Where a picture appears, skip it and copy everything else in the listing exactly.
----
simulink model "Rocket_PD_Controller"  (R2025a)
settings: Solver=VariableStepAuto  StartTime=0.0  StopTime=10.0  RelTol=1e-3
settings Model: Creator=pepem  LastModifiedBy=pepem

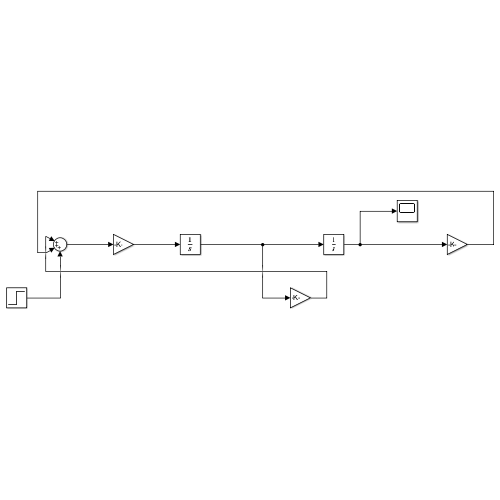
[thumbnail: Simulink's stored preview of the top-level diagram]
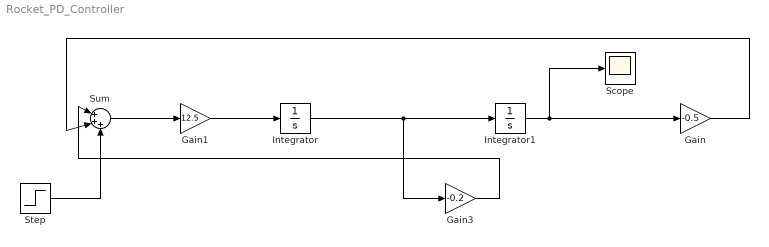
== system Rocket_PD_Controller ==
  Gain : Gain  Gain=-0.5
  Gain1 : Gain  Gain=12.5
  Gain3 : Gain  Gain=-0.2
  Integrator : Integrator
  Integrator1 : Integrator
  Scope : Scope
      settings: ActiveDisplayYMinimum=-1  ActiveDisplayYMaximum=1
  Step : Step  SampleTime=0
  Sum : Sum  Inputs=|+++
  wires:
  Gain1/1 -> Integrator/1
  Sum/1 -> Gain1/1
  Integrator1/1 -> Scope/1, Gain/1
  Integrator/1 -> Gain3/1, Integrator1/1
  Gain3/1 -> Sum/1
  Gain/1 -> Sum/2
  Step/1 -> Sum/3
----
» RESPONSE TO THE TASK:
simulink model "Rocket_PD_Controller"  (R2025a)
settings: Solver=VariableStepAuto  StartTime=0.0  StopTime=10.0  RelTol=1e-3
settings Model: Creator=pepem  LastModifiedBy=pepem

[thumbnail: Simulink's stored preview of the top-level diagram]
== system Rocket_PD_Controller ==
  Gain : Gain  Gain=-0.5
  Gain1 : Gain  Gain=12.5
  Gain3 : Gain  Gain=-0.2
  Integrator : Integrator
  Integrator1 : Integrator
  Scope : Scope
      settings: ActiveDisplayYMinimum=-1  ActiveDisplayYMaximum=1
  Step : Step  SampleTime=0
  Sum : Sum  Inputs=|+++
  wires:
  Gain1/1 -> Integrator/1
  Sum/1 -> Gain1/1
  Integrator1/1 -> Scope/1, Gain/1
  Integrator/1 -> Gain3/1, Integrator1/1
  Gain3/1 -> Sum/1
  Gain/1 -> Sum/2
  Step/1 -> Sum/3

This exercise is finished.